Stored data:
##########

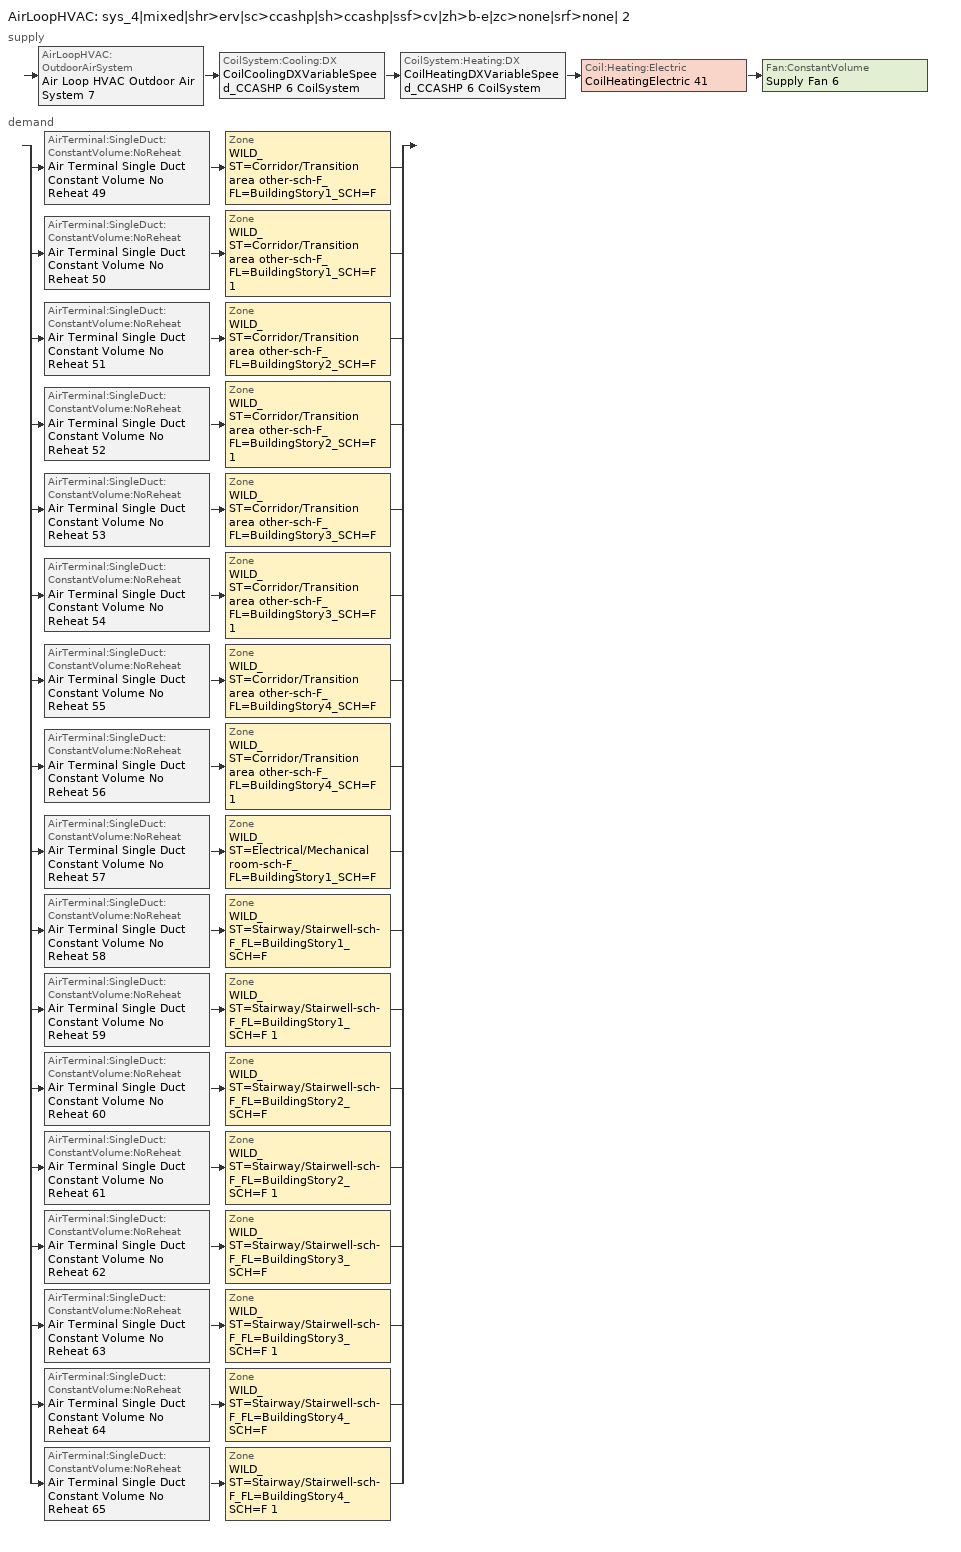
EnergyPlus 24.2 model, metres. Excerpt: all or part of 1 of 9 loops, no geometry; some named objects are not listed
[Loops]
AirLoopHVAC 'sys_4|mixed|shr>erv|sc>ccashp|sh>ccashp|ssf>cv|zh>b-e|zc>none|srf>none| 2'
 supply: AirLoopHVAC:OutdoorAirSystem 'Air Loop HVAC Outdoor Air System 7' > CoilSystem:Cooling:DX 'CoilCoolingDXVariableSpeed_CCASHP 6 CoilSystem' > CoilSystem:Heating:DX 'CoilHeatingDXVariableSpeed_CCASHP 6 CoilSystem' > Coil:Heating:Electric 'CoilHeatingElectric 41' > Fan:ConstantVolume 'Supply Fan 6'
 demand: split
  | AirTerminal:SingleDuct:ConstantVolume:NoReheat 'Air Terminal Single Duct Constant Volume No Reheat 49' > Zone 'WILD_ST=Corridor/Transition area other-sch-F_FL=BuildingStory1_SCH=F'
  | AirTerminal:SingleDuct:ConstantVolume:NoReheat 'Air Terminal Single Duct Constant Volume No Reheat 50' > Zone 'WILD_ST=Corridor/Transition area other-sch-F_FL=BuildingStory1_SCH=F 1'
  | AirTerminal:SingleDuct:ConstantVolume:NoReheat 'Air Terminal Single Duct Constant Volume No Reheat 51' > Zone 'WILD_ST=Corridor/Transition area other-sch-F_FL=BuildingStory2_SCH=F'
  | AirTerminal:SingleDuct:ConstantVolume:NoReheat 'Air Terminal Single Duct Constant Volume No Reheat 52' > Zone 'WILD_ST=Corridor/Transition area other-sch-F_FL=BuildingStory2_SCH=F 1'
  | AirTerminal:SingleDuct:ConstantVolume:NoReheat 'Air Terminal Single Duct Constant Volume No Reheat 53' > Zone 'WILD_ST=Corridor/Transition area other-sch-F_FL=BuildingStory3_SCH=F'
  | AirTerminal:SingleDuct:ConstantVolume:NoReheat 'Air Terminal Single Duct Constant Volume No Reheat 54' > Zone 'WILD_ST=Corridor/Transition area other-sch-F_FL=BuildingStory3_SCH=F 1'
  | AirTerminal:SingleDuct:ConstantVolume:NoReheat 'Air Terminal Single Duct Constant Volume No Reheat 55' > Zone 'WILD_ST=Corridor/Transition area other-sch-F_FL=BuildingStory4_SCH=F'
  | AirTerminal:SingleDuct:ConstantVolume:NoReheat 'Air Terminal Single Duct Constant Volume No Reheat 56' > Zone 'WILD_ST=Corridor/Transition area other-sch-F_FL=BuildingStory4_SCH=F 1'
  | AirTerminal:SingleDuct:ConstantVolume:NoReheat 'Air Terminal Single Duct Constant Volume No Reheat 57' > Zone 'WILD_ST=Electrical/Mechanical room-sch-F_FL=BuildingStory1_SCH=F'
  | AirTerminal:SingleDuct:ConstantVolume:NoReheat 'Air Terminal Single Duct Constant Volume No Reheat 58' > Zone 'WILD_ST=Stairway/Stairwell-sch-F_FL=BuildingStory1_SCH=F'
  | AirTerminal:SingleDuct:ConstantVolume:NoReheat 'Air Terminal Single Duct Constant Volume No Reheat 59' > Zone 'WILD_ST=Stairway/Stairwell-sch-F_FL=BuildingStory1_SCH=F 1'
  | AirTerminal:SingleDuct:ConstantVolume:NoReheat 'Air Terminal Single Duct Constant Volume No Reheat 60' > Zone 'WILD_ST=Stairway/Stairwell-sch-F_FL=BuildingStory2_SCH=F'
  | AirTerminal:SingleDuct:ConstantVolume:NoReheat 'Air Terminal Single Duct Constant Volume No Reheat 61' > Zone 'WILD_ST=Stairway/Stairwell-sch-F_FL=BuildingStory2_SCH=F 1'
  | AirTerminal:SingleDuct:ConstantVolume:NoReheat 'Air Terminal Single Duct Constant Volume No Reheat 62' > Zone 'WILD_ST=Stairway/Stairwell-sch-F_FL=BuildingStory3_SCH=F'
  | AirTerminal:SingleDuct:ConstantVolume:NoReheat 'Air Terminal Single Duct Constant Volume No Reheat 63' > Zone 'WILD_ST=Stairway/Stairwell-sch-F_FL=BuildingStory3_SCH=F 1'
  | AirTerminal:SingleDuct:ConstantVolume:NoReheat 'Air Terminal Single Duct Constant Volume No Reheat 64' > Zone 'WILD_ST=Stairway/Stairwell-sch-F_FL=BuildingStory4_SCH=F'
  | AirTerminal:SingleDuct:ConstantVolume:NoReheat 'Air Terminal Single Duct Constant Volume No Reheat 65' > Zone 'WILD_ST=Stairway/Stairwell-sch-F_FL=BuildingStory4_SCH=F 1'
[ZoneControl:Thermostat] Temperature Difference Between Cutout And Setpoint {deltaC}=0
Name | Zone or ZoneList | Control Type Schedule | Control 1
WILD_ST=Corridor/Transition area other-sch-F_FL=BuildingStory1_SCH=F Thermostat | WILD_ST=Corridor/Transition area other-sch-F_FL=BuildingStory1_SCH=F | WILD_ST=Corridor/Transition area other-sch-F_FL=BuildingStory1_SCH=F Thermostat Schedule | Space Function Corridor/Transition area other-sch-F Thermostat 17
WILD_ST=Corridor/Transition area other-sch-F_FL=BuildingStory1_SCH=F 1 Thermostat | WILD_ST=Corridor/Transition area other-sch-F_FL=BuildingStory1_SCH=F 1 | WILD_ST=Corridor/Transition area other-sch-F_FL=BuildingStory1_SCH=F 1 Thermostat Schedule | Space Function Corridor/Transition area other-sch-F Thermostat 19
WILD_ST=Corridor/Transition area other-sch-F_FL=BuildingStory2_SCH=F Thermostat | WILD_ST=Corridor/Transition area other-sch-F_FL=BuildingStory2_SCH=F | WILD_ST=Corridor/Transition area other-sch-F_FL=BuildingStory2_SCH=F Thermostat Schedule | Space Function Corridor/Transition area other-sch-F Thermostat 20
WILD_ST=Corridor/Transition area other-sch-F_FL=BuildingStory2_SCH=F 1 Thermostat | WILD_ST=Corridor/Transition area other-sch-F_FL=BuildingStory2_SCH=F 1 | WILD_ST=Corridor/Transition area other-sch-F_FL=BuildingStory2_SCH=F 1 Thermostat Schedule | Space Function Corridor/Transition area other-sch-F Thermostat 23
WILD_ST=Corridor/Transition area other-sch-F_FL=BuildingStory3_SCH=F Thermostat | WILD_ST=Corridor/Transition area other-sch-F_FL=BuildingStory3_SCH=F | WILD_ST=Corridor/Transition area other-sch-F_FL=BuildingStory3_SCH=F Thermostat Schedule | Space Function Corridor/Transition area other-sch-F Thermostat 21
WILD_ST=Corridor/Transition area other-sch-F_FL=BuildingStory3_SCH=F 1 Thermostat | WILD_ST=Corridor/Transition area other-sch-F_FL=BuildingStory3_SCH=F 1 | WILD_ST=Corridor/Transition area other-sch-F_FL=BuildingStory3_SCH=F 1 Thermostat Schedule | Space Function Corridor/Transition area other-sch-F Thermostat 22
WILD_ST=Corridor/Transition area other-sch-F_FL=BuildingStory4_SCH=F Thermostat | WILD_ST=Corridor/Transition area other-sch-F_FL=BuildingStory4_SCH=F | WILD_ST=Corridor/Transition area other-sch-F_FL=BuildingStory4_SCH=F Thermostat Schedule | Space Function Corridor/Transition area other-sch-F Thermostat 18
WILD_ST=Corridor/Transition area other-sch-F_FL=BuildingStory4_SCH=F 1 Thermostat | WILD_ST=Corridor/Transition area other-sch-F_FL=BuildingStory4_SCH=F 1 | WILD_ST=Corridor/Transition area other-sch-F_FL=BuildingStory4_SCH=F 1 Thermostat Schedule | Space Function Corridor/Transition area other-sch-F Thermostat 24
WILD_ST=Electrical/Mechanical room-sch-F_FL=BuildingStory1_SCH=F Thermostat | WILD_ST=Electrical/Mechanical room-sch-F_FL=BuildingStory1_SCH=F | WILD_ST=Electrical/Mechanical room-sch-F_FL=BuildingStory1_SCH=F Thermostat Schedule | Space Function Electrical/Mechanical room-sch-F Thermostat 3
WILD_ST=Stairway/Stairwell-sch-F_FL=BuildingStory1_SCH=F Thermostat | WILD_ST=Stairway/Stairwell-sch-F_FL=BuildingStory1_SCH=F | WILD_ST=Stairway/Stairwell-sch-F_FL=BuildingStory1_SCH=F Thermostat Schedule | Space Function Stairway/Stairwell-sch-F Thermostat 23
WILD_ST=Stairway/Stairwell-sch-F_FL=BuildingStory1_SCH=F 1 Thermostat | WILD_ST=Stairway/Stairwell-sch-F_FL=BuildingStory1_SCH=F 1 | WILD_ST=Stairway/Stairwell-sch-F_FL=BuildingStory1_SCH=F 1 Thermostat Schedule | Space Function Stairway/Stairwell-sch-F Thermostat 24
WILD_ST=Stairway/Stairwell-sch-F_FL=BuildingStory2_SCH=F Thermostat | WILD_ST=Stairway/Stairwell-sch-F_FL=BuildingStory2_SCH=F | WILD_ST=Stairway/Stairwell-sch-F_FL=BuildingStory2_SCH=F Thermostat Schedule | Space Function Stairway/Stairwell-sch-F Thermostat 19
WILD_ST=Stairway/Stairwell-sch-F_FL=BuildingStory2_SCH=F 1 Thermostat | WILD_ST=Stairway/Stairwell-sch-F_FL=BuildingStory2_SCH=F 1 | WILD_ST=Stairway/Stairwell-sch-F_FL=BuildingStory2_SCH=F 1 Thermostat Schedule | Space Function Stairway/Stairwell-sch-F Thermostat 22
WILD_ST=Stairway/Stairwell-sch-F_FL=BuildingStory3_SCH=F Thermostat | WILD_ST=Stairway/Stairwell-sch-F_FL=BuildingStory3_SCH=F | WILD_ST=Stairway/Stairwell-sch-F_FL=BuildingStory3_SCH=F Thermostat Schedule | Space Function Stairway/Stairwell-sch-F Thermostat 18
WILD_ST=Stairway/Stairwell-sch-F_FL=BuildingStory3_SCH=F 1 Thermostat | WILD_ST=Stairway/Stairwell-sch-F_FL=BuildingStory3_SCH=F 1 | WILD_ST=Stairway/Stairwell-sch-F_FL=BuildingStory3_SCH=F 1 Thermostat Schedule | Space Function Stairway/Stairwell-sch-F Thermostat 20
WILD_ST=Stairway/Stairwell-sch-F_FL=BuildingStory4_SCH=F Thermostat | WILD_ST=Stairway/Stairwell-sch-F_FL=BuildingStory4_SCH=F | WILD_ST=Stairway/Stairwell-sch-F_FL=BuildingStory4_SCH=F Thermostat Schedule | Space Function Stairway/Stairwell-sch-F Thermostat 17
WILD_ST=Stairway/Stairwell-sch-F_FL=BuildingStory4_SCH=F 1 Thermostat | WILD_ST=Stairway/Stairwell-sch-F_FL=BuildingStory4_SCH=F 1 | WILD_ST=Stairway/Stairwell-sch-F_FL=BuildingStory4_SCH=F 1 Thermostat Schedule | Space Function Stairway/Stairwell-sch-F Thermostat 21
[ThermostatSetpoint:DualSetpoint] Heating Setpoint Temperature Schedule=NECB-F-Thermostat Setpoint-Heating; Cooling Setpoint Temperature Schedule=NECB-F-Thermostat Setpoint-Cooling
Space Function Corridor/Transition area other-sch-F Thermostat 17; Space Function Corridor/Transition area other-sch-F Thermostat 19; Space Function Corridor/Transition area other-sch-F Thermostat 20; Space Function Corridor/Transition area other-sch-F Thermostat 23; Space Function Corridor/Transition area other-sch-F Thermostat 21; Space Function Corridor/Transition area other-sch-F Thermostat 22; Space Function Corridor/Transition area other-sch-F Thermostat 18; Space Function Corridor/Transition area other-sch-F Thermostat 24; Space Function Electrical/Mechanical room-sch-F Thermostat 3; Space Function Stairway/Stairwell-sch-F Thermostat 23; Space Function Stairway/Stairwell-sch-F Thermostat 24; Space Function Stairway/Stairwell-sch-F Thermostat 19; Space Function Stairway/Stairwell-sch-F Thermostat 22; Space Function Stairway/Stairwell-sch-F Thermostat 18; Space Function Stairway/Stairwell-sch-F Thermostat 20; Space Function Stairway/Stairwell-sch-F Thermostat 17; Space Function Stairway/Stairwell-sch-F Thermostat 21
[AirTerminal:SingleDuct:ConstantVolume:NoReheat] Availability Schedule=Always On Discrete; Maximum Air Flow Rate {m3/s}=AutoSize
Air Terminal Single Duct Constant Volume No Reheat 49; Air Terminal Single Duct Constant Volume No Reheat 50; Air Terminal Single Duct Constant Volume No Reheat 51; Air Terminal Single Duct Constant Volume No Reheat 52; Air Terminal Single Duct Constant Volume No Reheat 53; Air Terminal Single Duct Constant Volume No Reheat 54; Air Terminal Single Duct Constant Volume No Reheat 55; Air Terminal Single Duct Constant Volume No Reheat 56; Air Terminal Single Duct Constant Volume No Reheat 57; Air Terminal Single Duct Constant Volume No Reheat 58; Air Terminal Single Duct Constant Volume No Reheat 59; Air Terminal Single Duct Constant Volume No Reheat 60; Air Terminal Single Duct Constant Volume No Reheat 61; Air Terminal Single Duct Constant Volume No Reheat 62; Air Terminal Single Duct Constant Volume No Reheat 63; Air Terminal Single Duct Constant Volume No Reheat 64; Air Terminal Single Duct Constant Volume No Reheat 65
[ZoneHVAC:Baseboard:Convective:Electric] Availability Schedule=Always On Discrete; Heating Design Capacity {W}=Autosize; Efficiency=1
ZoneHVACBaseboardConvectiveElectric 48; ZoneHVACBaseboardConvectiveElectric 49; ZoneHVACBaseboardConvectiveElectric 50; ZoneHVACBaseboardConvectiveElectric 51; ZoneHVACBaseboardConvectiveElectric 52; ZoneHVACBaseboardConvectiveElectric 53; ZoneHVACBaseboardConvectiveElectric 54; ZoneHVACBaseboardConvectiveElectric 55; ZoneHVACBaseboardConvectiveElectric 56; ZoneHVACBaseboardConvectiveElectric 57; ZoneHVACBaseboardConvectiveElectric 58; ZoneHVACBaseboardConvectiveElectric 59; ZoneHVACBaseboardConvectiveElectric 60; ZoneHVACBaseboardConvectiveElectric 61; ZoneHVACBaseboardConvectiveElectric 62; ZoneHVACBaseboardConvectiveElectric 63; ZoneHVACBaseboardConvectiveElectric 64
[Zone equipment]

##########

Task to complete: One stretch of the lines above is wanted, from the line that contains "Schedule | Space Function Stairway/Stairwell-sch-F Thermostat 17" through the line that contains "Schedule | Space Function Stairway/Stairwell-sch-F Thermostat 21". Output it exactly.

Task answer:
WILD_ST=Stairway/Stairwell-sch-F_FL=BuildingStory4_SCH=F Thermostat | WILD_ST=Stairway/Stairwell-sch-F_FL=BuildingStory4_SCH=F | WILD_ST=Stairway/Stairwell-sch-F_FL=BuildingStory4_SCH=F Thermostat Schedule | Space Function Stairway/Stairwell-sch-F Thermostat 17
WILD_ST=Stairway/Stairwell-sch-F_FL=BuildingStory4_SCH=F 1 Thermostat | WILD_ST=Stairway/Stairwell-sch-F_FL=BuildingStory4_SCH=F 1 | WILD_ST=Stairway/Stairwell-sch-F_FL=BuildingStory4_SCH=F 1 Thermostat Schedule | Space Function Stairway/Stairwell-sch-F Thermostat 21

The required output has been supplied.